### Exercise prompt
Report all lines of the data below that hold the word "Standard".
--- Supplied entries Enclosed Below ---
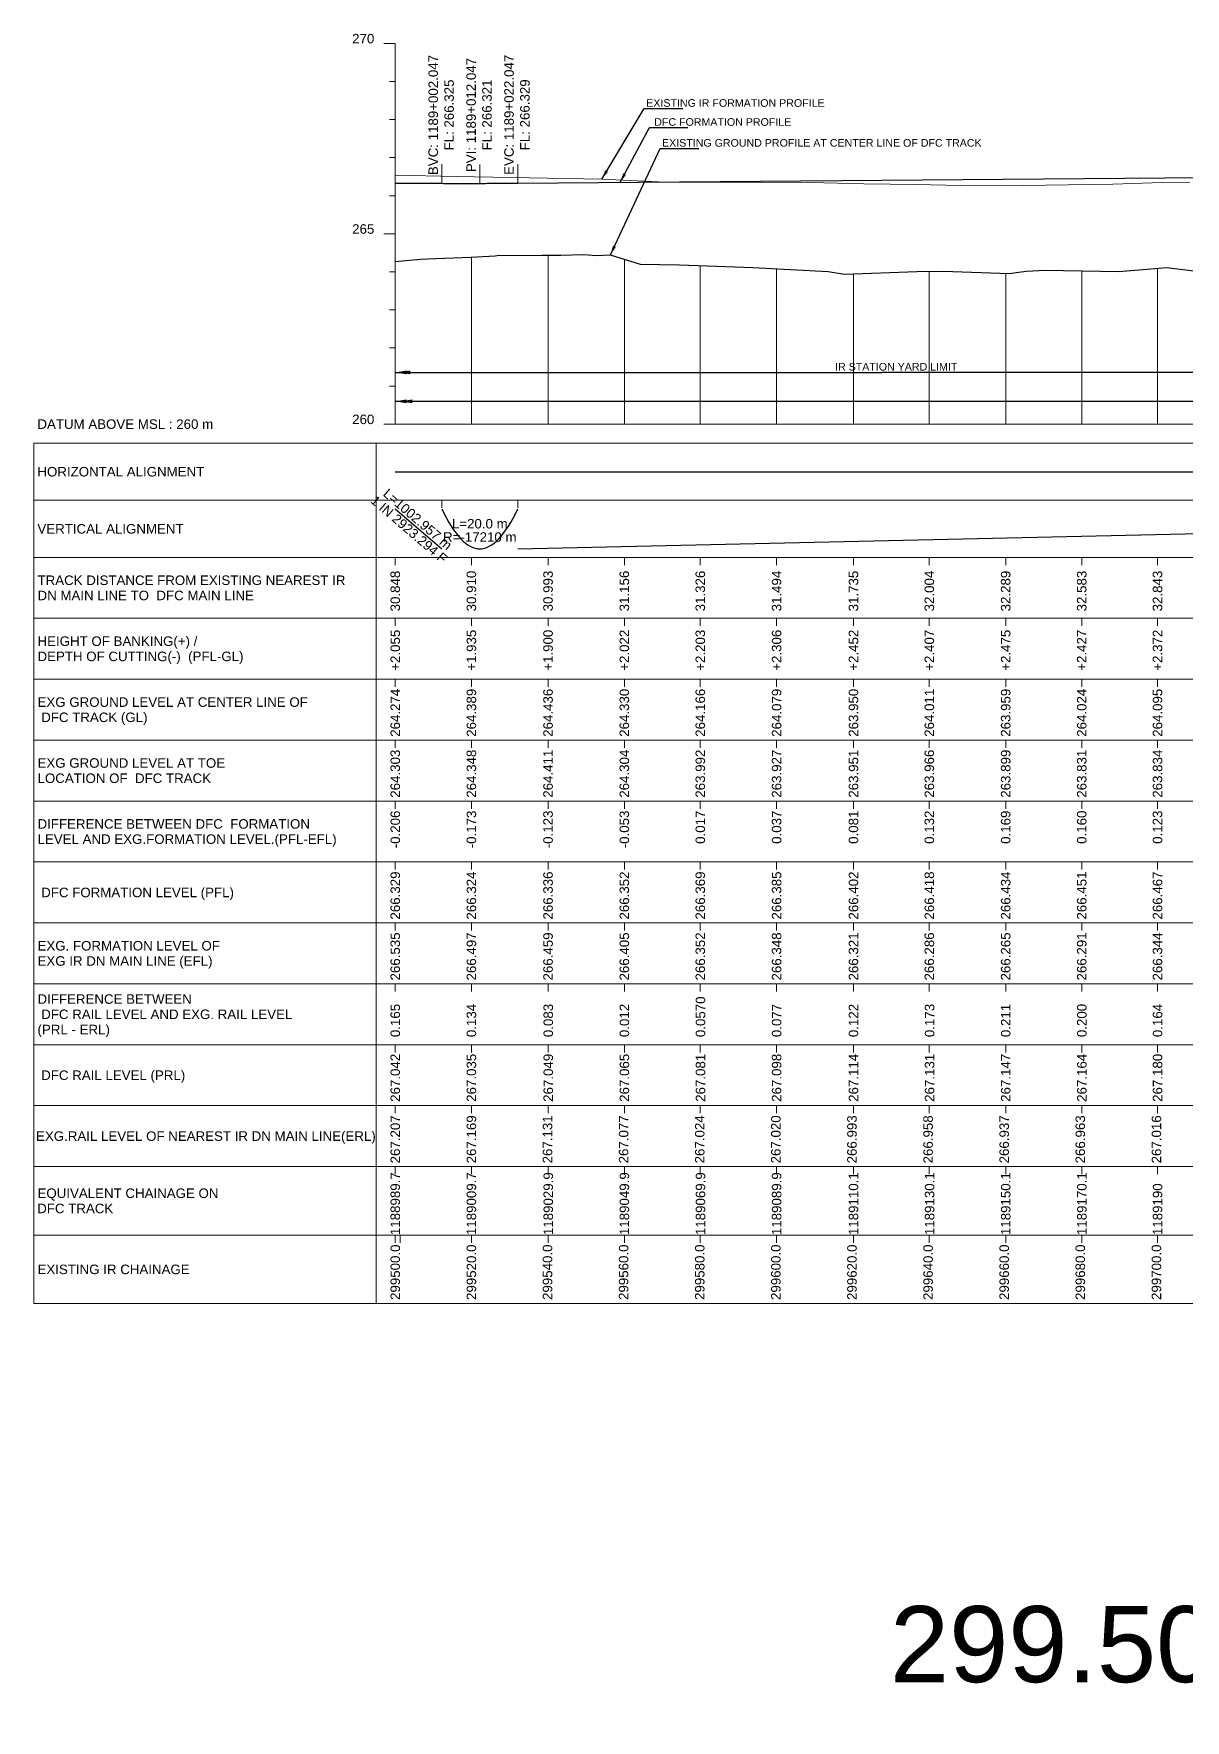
# Model space of a CAD drawing. Header units: metres. Extents: x -1098 to 4505, y -12378 to -11885.
# Drawn here: x 2905 to 3207.6, y -12340.4 to -11897.5 of the extents above; entities that cross this region are included whole.
import ezdxf
from ezdxf.enums import TextEntityAlignment as Align

# ---------------------------------------------------------------- set-up
doc = ezdxf.new("R2010")
doc.units = ezdxf.units.M
doc.header["$MEASUREMENT"] = 0
doc.layers.get('0').update_dxf_attribs({"lineweight": 0})
for name, color, linetype, lineweight in [('C-PROF-LABL-DG', 1, 'Continuous', 25), ('LS BVC-PVI-EVC TEXT', 10, 'Continuous', 0), ('LS CUT FILL', 10, 'Continuous', 0), ('LS DATUM', 7, 'Continuous', 0), ('LS DATUM X', 7, 'Continuous', 0), ('LS DATUM Y', 7, 'Continuous', 0), ('LS DIFF. EXG.RL & PRO. RL', 10, 'Continuous', 0), ('LS DIFF. PFL & EFL', 10, 'Continuous', 0), ('LS EXG GL', 7, 'Continuous', 0), ('LS EXG IR CH', 7, 'Continuous', 0), ('LS EXG RL', 7, 'Continuous', 0), ('LS EXG. FL', 7, 'Continuous', 0), ('LS EXG. GL', 7, 'Continuous', 0), ('LS EXG. GL AT PRO. TOE', 7, 'Continuous', 0), ('LS EXG. IR CH', 7, 'Continuous', 0), ('LS EXG. RL', 7, 'Continuous', 0), ('LS FRAME', 7, 'Continuous', 0), ('LS PFL-EFL', 10, 'Continuous', 0), ('LS PRL-ERL', 10, 'Continuous', 0), ('LS PRO FL', 10, 'Continuous', 0), ('LS PRO. CUT & FILL', 10, 'Continuous', 0), ('LS PRO. DFCC CH', 10, 'Continuous', 0), ('LS PRO. FL', 10, 'Continuous', 0), ('LS PRO. RL', 10, 'Continuous', 0), ('LS PROFILE EXG FL', 7, 'Continuous', 25), ('LS PROFILE EXG GL', 7, 'Continuous', 30), ('LS PROFILE PRO FL', 1, 'Continuous', 30), ('LS TICKS', 7, 'Continuous', 0), ('LS TRACK CENTER', 10, 'Continuous', 0), ("LS TRACK CENTER's", 10, 'Continuous', 0), ('Profile Grid', 7, 'Continuous', 0)]:
    doc.layers.add(name, color=color, linetype=linetype, lineweight=lineweight)
for name, color, linetype in [('LS HORIZONTAL ALIGNMENT', 10, 'Continuous'), ('LS VERTICAL ALIGNMENT', 10, 'Continuous'), ('ref text', 3, 'Continuous'), ('STATION YARD LIMIT IN LS', 7, 'Continuous')]:
    doc.layers.add(name, color=color, linetype=linetype)
doc.styles.add('Arial', font='arial.ttf')
doc.styles.get("Standard").update_dxf_attribs({"font": 'arial.ttf'})
doc.styles.add('Style-Arial', font='arial.ttf')
doc.styles.add('StyleArial', font='arial.ttf')
doc.dimstyles.get("Standard").update_dxf_attribs({"dimtxt": 0.18, "dimasz": 0.18, "dimexe": 0.18, "dimexo": 0.0625, "dimgap": 0.09, "dimtad": 0, "dimtih": 1, "dimtoh": 1, "dimdec": 4, "dimzin": 0, "dimdsep": 46, "dimtxsty": 'Standard', "dimcen": 0.09, "dimadec": 0, "dimazin": 0, "dimtfac": 1, "dimtdec": 4, "dimtofl": 0, "dimtmove": 0, "dimatfit": 3, "dimfxl": 1, "dimtolj": 1, "dimtzin": 0, "dimarcsym": 0})

msp = doc.modelspace()

# ---------------------------------------------------------------- linework, layer by layer
msp.add_lwpolyline([(2905, -12005), (2995, -12005)])
at = {"layer": 'LS BVC-PVI-EVC TEXT'}
for p, q in [((3012.21, -11936.75), (3012.21, -11931.75)), ((3022.21, -11936.79), (3022.21, -11931.79)), ((3032.21, -11936.71), (3032.21, -11931.71))]:
    msp.add_line(p, q, dxfattribs=at)
at = {"layer": 'LS DATUM X', "color": 7, "linetype": 'Continuous', "lineweight": 0}
msp.add_line((3000, -12000), (3499.81, -12000), dxfattribs=at)
at = {"layer": 'LS DATUM Y', "color": 7, "linetype": 'Continuous', "lineweight": 0}
for p, q in [((2997, -11900), (3000, -11900)), ((2997, -11900), (3000, -11900)), ((3000, -12000), (3000, -11900)), ((2998.5, -11910), (3000, -11910)), ((2998.5, -11920), (3000, -11920)), ((2998.5, -11930), (3000, -11930)), ((2998.5, -11940), (3000, -11940)), ((2997, -11950), (3000, -11950)), ((2998.5, -11960), (3000, -11960)), ((2998.5, -11970), (3000, -11970)), ((2998.5, -11980), (3000, -11980)), ((2998.5, -11990), (3000, -11990)), ((2997, -12000), (3000, -12000))]:
    msp.add_line(p, q, dxfattribs=at)
at = {"layer": 'LS FRAME'}
for points in [[(2995, -12231), (2905, -12231), (2905, -12005)], [(2995, -12020), (2905, -12020)], [(2995, -12035), (2905, -12035)], [(2995, -12051), (2905, -12051)], [(2905, -12051), (2995, -12051)], [(2995, -12067), (2905, -12067)], [(2905, -12067), (2995, -12067)], [(2995, -12083), (2905, -12083)], [(2905, -12083), (2995, -12083)], [(2995, -12099), (2905, -12099)], [(2995, -12115), (2905, -12115)], [(2905, -12115), (2995, -12115)], [(2995, -12131), (2905, -12131)], [(2905, -12131), (2995, -12131)], [(2995, -12147), (2905, -12147)], [(2905, -12147), (2995, -12147)], [(2995, -12163), (2905, -12163)], [(2905, -12163), (2995, -12163)], [(2995, -12179), (2905, -12179)], [(2995, -12195), (2905, -12195)], [(2995, -12213), (2905, -12213)]]:
    msp.add_lwpolyline(points, dxfattribs=at)
at = {"layer": 'LS FRAME', "color": 7, "linetype": 'Continuous', "lineweight": 0, "flags": 128}
for points in [[(2995, -12020), (3504.81, -12020), (3504.81, -12005), (2995, -12005), (2995, -12020)], [(2995, -12035), (3504.81, -12035), (3504.81, -12020), (2995, -12020), (2995, -12035)], [(2995, -12051), (3504.81, -12051), (3504.81, -12035), (2995, -12035), (2995, -12051)], [(2995, -12067), (3504.81, -12067), (3504.81, -12051), (2995, -12051), (2995, -12067)], [(2995, -12083), (3504.81, -12083), (3504.81, -12067), (2995, -12067), (2995, -12083)], [(2995, -12099), (3504.81, -12099), (3504.81, -12083), (2995, -12083), (2995, -12099)], [(2995, -12115), (3504.81, -12115), (3504.81, -12099), (2995, -12099), (2995, -12115)], [(2995, -12131), (3504.81, -12131), (3504.81, -12115), (2995, -12115), (2995, -12131)], [(2995, -12147), (3504.81, -12147), (3504.81, -12131), (2995, -12131), (2995, -12147)], [(2995, -12163), (3504.81, -12163), (3504.81, -12147), (2995, -12147), (2995, -12163)], [(2995, -12179), (3504.81, -12179), (3504.81, -12163), (2995, -12163), (2995, -12179)], [(2995, -12195), (3504.81, -12195), (3504.81, -12179), (2995, -12179), (2995, -12195)], [(2995, -12213), (3504.81, -12213), (3504.81, -12195), (2995, -12195), (2995, -12213)], [(2995, -12231), (3504.81, -12231), (3504.81, -12213), (2995, -12213), (2995, -12231)]]:
    msp.add_lwpolyline(points, close=True, dxfattribs=at)
at = {"layer": 'LS HORIZONTAL ALIGNMENT', "flags": 128}
msp.add_lwpolyline([(3000, -12012.5), (3499.81, -12012.5)], dxfattribs=at)
at = {"layer": 'LS PROFILE EXG FL', "lineweight": 0}
msp.add_lwpolyline([(3000, -11934.65), (3015.96, -11934.96), (3035.28, -11935.32), (3054.24, -11935.68), (3071.03, -11936.48), (3092.63, -11936.48), (3108.96, -11936.57), (3116.29, -11936.71), (3123.16, -11936.87), (3136.92, -11937.08), (3152.44, -11937.4), (3165.05, -11937.33), (3188.53, -11936.95), (3201.5, -11936.51), (3208.76, -11936.46)], dxfattribs=at)
at = {"layer": 'LS PROFILE EXG GL', "flags": 128}
msp.add_lwpolyline([(3000, -11957.26), (3006.65, -11956.71), (3010.67, -11956.51), (3019.85, -11956.12), (3026.22, -11955.77), (3026.8, -11955.73), (3038.56, -11955.65), (3043.5, -11955.62), (3049.57, -11955.48), (3052.84, -11955.7), (3056.44, -11955.55), (3064.33, -11957.98), (3074.71, -11958.14), (3086.9, -11958.58), (3093.99, -11958.9), (3113.79, -11959.9), (3118.02, -11960.58), (3118.02, -11960.58), (3137.04, -11959.94), (3144.09, -11959.82), (3161.32, -11960.45), (3165.8, -11959.79), (3170.76, -11959.6), (3190.11, -11959.92), (3202.77, -11958.83), (3211.22, -11959.95)], dxfattribs=at)
at = {"layer": 'LS PROFILE PRO FL', "flags": 128}
msp.add_lwpolyline([(3000, -11936.71), (3012.21, -11936.75), (3012.64, -11936.76), (3013.06, -11936.76), (3013.49, -11936.76), (3013.92, -11936.76), (3014.34, -11936.76), (3014.77, -11936.76), (3015.19, -11936.76), (3015.62, -11936.76), (3016.04, -11936.76), (3016.47, -11936.76), (3016.89, -11936.76), (3017.32, -11936.76), (3017.74, -11936.76), (3018.17, -11936.76), (3018.6, -11936.76), (3019.02, -11936.76), (3019.45, -11936.76), (3019.87, -11936.76), (3020.3, -11936.76), (3020.72, -11936.76), (3021.15, -11936.76), (3021.57, -11936.76), (3022, -11936.76), (3022.43, -11936.76), (3022.85, -11936.76), (3023.28, -11936.76), (3023.7, -11936.76), (3024.13, -11936.75), (3024.55, -11936.75), (3024.98, -11936.75), (3025.4, -11936.75), (3025.83, -11936.75), (3026.26, -11936.74), (3026.68, -11936.74), (3027.11, -11936.74), (3027.53, -11936.74), (3027.96, -11936.74), (3028.38, -11936.73), (3028.81, -11936.73), (3029.23, -11936.73), (3029.66, -11936.73), (3030.09, -11936.72), (3030.51, -11936.72), (3030.94, -11936.72), (3031.36, -11936.71), (3031.79, -11936.71), (3032.21, -11936.71), (3499.81, -11932.87)], dxfattribs=at)
at = {"layer": 'LS TICKS', "color": 7, "linetype": 'Continuous', "lineweight": 0, "flags": 128}
for points in [[(3012.21, -12022), (3012.21, -12020)], [(3032.21, -12022), (3032.21, -12020)], [(3000, -12037), (3000, -12035)], [(3020, -12037), (3020, -12035)], [(3040.14, -12037), (3040.14, -12035)], [(3060.19, -12037), (3060.19, -12035)], [(3080.15, -12037), (3080.15, -12035)], [(3100.2, -12037), (3100.2, -12035)], [(3120.4, -12037), (3120.4, -12035)], [(3140.33, -12037), (3140.33, -12035)], [(3160.39, -12037), (3160.39, -12035)], [(3180.37, -12037), (3180.37, -12035)], [(3200.29, -12037), (3200.29, -12035)], [(3000, -12053), (3000, -12051)], [(3020, -12053), (3020, -12051)], [(3040.14, -12053), (3040.14, -12051)], [(3060.19, -12053), (3060.19, -12051)], [(3080.15, -12053), (3080.15, -12051)], [(3100.2, -12053), (3100.2, -12051)], [(3120.4, -12053), (3120.4, -12051)], [(3140.33, -12053), (3140.33, -12051)], [(3160.39, -12053), (3160.39, -12051)], [(3180.37, -12053), (3180.37, -12051)], [(3200.29, -12053), (3200.29, -12051)], [(3000, -12069), (3000, -12067)], [(3020, -12069), (3020, -12067)], [(3040.14, -12069), (3040.14, -12067)], [(3060.19, -12069), (3060.19, -12067)], [(3080.15, -12069), (3080.15, -12067)], [(3100.2, -12069), (3100.2, -12067)], [(3120.4, -12069), (3120.4, -12067)], [(3140.33, -12069), (3140.33, -12067)], [(3160.39, -12069), (3160.39, -12067)], [(3180.37, -12069), (3180.37, -12067)], [(3200.29, -12069), (3200.29, -12067)], [(3000, -12085), (3000, -12083)], [(3020, -12085), (3020, -12083)], [(3040.14, -12085), (3040.14, -12083)], [(3060.19, -12085), (3060.19, -12083)], [(3080.15, -12085), (3080.15, -12083)], [(3100.2, -12085), (3100.2, -12083)], [(3120.4, -12085), (3120.4, -12083)], [(3140.33, -12085), (3140.33, -12083)], [(3160.39, -12085), (3160.39, -12083)], [(3180.37, -12085), (3180.37, -12083)], [(3200.29, -12085), (3200.29, -12083)], [(3000, -12101), (3000, -12099)], [(3020, -12101), (3020, -12099)], [(3040.14, -12101), (3040.14, -12099)], [(3060.19, -12101), (3060.19, -12099)], [(3080.15, -12101), (3080.15, -12099)], [(3100.2, -12101), (3100.2, -12099)], [(3120.4, -12101), (3120.4, -12099)], [(3140.33, -12101), (3140.33, -12099)], [(3160.39, -12101), (3160.39, -12099)], [(3180.37, -12101), (3180.37, -12099)], [(3200.29, -12101), (3200.29, -12099)], [(3000, -12117), (3000, -12115)], [(3020, -12117), (3020, -12115)], [(3040.14, -12117), (3040.14, -12115)], [(3060.19, -12117), (3060.19, -12115)], [(3080.15, -12117), (3080.15, -12115)], [(3100.2, -12117), (3100.2, -12115)], [(3120.4, -12117), (3120.4, -12115)], [(3140.33, -12117), (3140.33, -12115)], [(3160.39, -12117), (3160.39, -12115)], [(3180.37, -12117), (3180.37, -12115)], [(3200.29, -12117), (3200.29, -12115)], [(3000, -12133), (3000, -12131)], [(3020, -12133), (3020, -12131)], [(3040.14, -12133), (3040.14, -12131)], [(3060.19, -12133), (3060.19, -12131)], [(3080.15, -12133), (3080.15, -12131)], [(3100.2, -12133), (3100.2, -12131)], [(3120.4, -12133), (3120.4, -12131)], [(3140.33, -12133), (3140.33, -12131)], [(3160.39, -12133), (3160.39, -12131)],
--- End of Enclosed Supplied entries ---
### Your response
doc.styles.get("Standard").update_dxf_attribs({"font": 'arial.ttf'})
doc.dimstyles.get("Standard").update_dxf_attribs({"dimtxt": 0.18, "dimasz": 0.18, "dimexe": 0.18, "dimexo": 0.0625, "dimgap": 0.09, "dimtad": 0, "dimtih": 1, "dimtoh": 1, "dimdec": 4, "dimzin": 0, "dimdsep": 46, "dimtxsty": 'Standard', "dimcen": 0.09, "dimadec": 0, "dimazin": 0, "dimtfac": 1, "dimtdec": 4, "dimtofl": 0, "dimtmove": 0, "dimatfit": 3, "dimfxl": 1, "dimtolj": 1, "dimtzin": 0, "dimarcsym": 0})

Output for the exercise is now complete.